Mass File Import from Google Drive


(Michael McKenzie) #1

I have 2 previous topics on this site LOAD CSV & Google Sheets and UNWIND and apoc.periodic.iterate where I am working with loading many files currently stored in a Google Drive Folder.

I am now at a point where I would like to "combine" these efforts. The issue I now face is that I have converted some data into google sheets from CSV files, which I did to practice using the Google Sheets method. Now though I have many more files (~50 files/folder x 20+ folders) and it doesn't seem efficient to make all of the comma-delimited ".txt" files into Google Sheets files.

I am currently stuck on being able to import the ".txt" from Google Drive. I figure I am messing up the sharing of the file properly from Google Drive.

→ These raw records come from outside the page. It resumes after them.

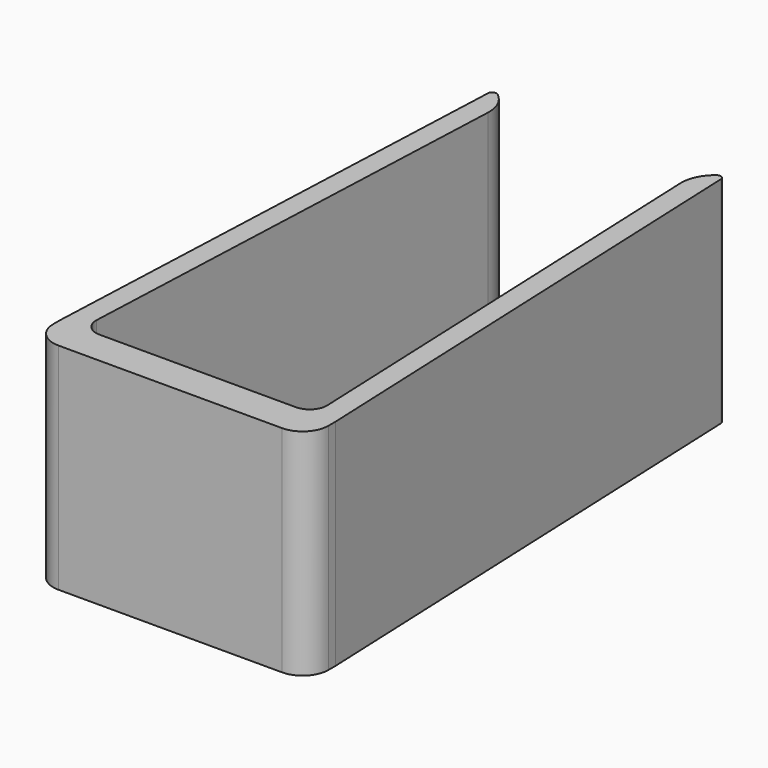
from build123d import *

# Parameters (mm, degrees)
F1_DEPTH    = 25
F2_T1_DEPTH = 44.0569346235
F3_R        = 0.5
F4_R        = 3
F5_R        = 2


# Not quite as in the source:
# - a fillet or chamfer that OpenCascade refuses, or shapes differently, is made with other operations: its cross-section is extruded or revolved along the edge and cut away or added


with BuildPart() as f1:
    # F0 (on Top) → F1 (new body)
    with BuildSketch(Plane.XY):
        Polygon((-13.5, 61.9478940414), (-16, 2), (-13.5, 2), (-11, 61.9478940414), align=None)
        Polygon((13.5, 2), (16, 2), (13.5, 61.9478940414), (11, 61.9478940414), align=None)
        Polygon((-16, -2), (16, -2), (16, 2), (13.5, 2), (-13.5, 2), (-16, 2), align=None)
    extrude(amount=F1_DEPTH)

    # F2: fillet of radius 4 on 2 edges, made by hand

    # F2_s2 → F2_t1 (cut)
    with BuildSketch(Plane.XY.offset(-9.5284673118)):
        with BuildLine():
            ThreePointArc((13.5, 61.9478940414), (11.7478065256, 60.4014195424), (11.1588077885, 58.1398170495))
            Line((11.1588077885, 58.1398170495), (11, 61.9478940414))
            Line((11, 61.9478940414), (13.5, 61.9478940414))
        make_face()
        with BuildLine():
            ThreePointArc((-13.5, 61.9478940414), (-11.7478065256, 60.4014195424), (-11.1588077885, 58.1398170495))
            Line((-11.1588077885, 58.1398170495), (-11, 61.9478940414))
            Line((-11, 61.9478940414), (-13.5, 61.9478940414))
        make_face()
    extrude(amount=F2_T1_DEPTH, mode=Mode.SUBTRACT)

    # F3
    f3_edges = [f1.edges().sort_by_distance(p)[0] for p in [
        (-13.5, 61.947894, 12.5),
        (13.5, 61.947894, 12.5),
    ]]
    fillet(f3_edges, radius=F3_R)

    # F4
    f4_edges = [f1.edges().sort_by_distance(p)[0] for p in [
        (16, -2, 12.5),
        (-16, -2, 12.5),
    ]]
    fillet(f4_edges, radius=F4_R)

    # F5
    f5_edges = [f1.edges().sort_by_distance(p)[0] for p in [
        (-13.5, 2, 12.5),
        (13.5, 2, 12.5),
    ]]
    fillet(f5_edges, radius=F5_R)


solid = f1.part

Also, I am trying to import into a cloud instance from a Chromebook and Macbook Pro (my 2 devices).

Any thoughts?


(M. David Allen) #2

Just a thought, but I sometimes use the q tool when I'm dealing with masses of CSV. It allows you to query text/csv basically like it was a relational database with SQL directly.

http://harelba.github.io/q/

In your situation what I might do is combine all of the files of like schema so that I ended up with one really big CSV file per schema type, and then LOAD CSV each of those USING PERIODIC COMMIT, this way you'd have relatively few URLs to deal with.

the other way to do it is to create a "meta manifest". If you have a pile of files in a directory you can list one per line like this:

ls -1

Then what you basically have is another CSV with a single column of the file that you want to load. So then you call apoc.load.csv("file:///path/to/manifest.csv") and you end up with a dynamic list of files, which you then feed into the LOAD CSV process.


(Michael McKenzie) #3

@david.allen I will have to check that out. What about just importing a .csv file from Google Drive? Is there a special trick as to what should be used for the URL in the LOAD CSV cypher query?


(M. David Allen) #4

I don't think there's any special trick, except getting Google drive to be OK with "link sharing". Doing this manually per file seems like it'd be a pain, unless it were automated with a google API or something.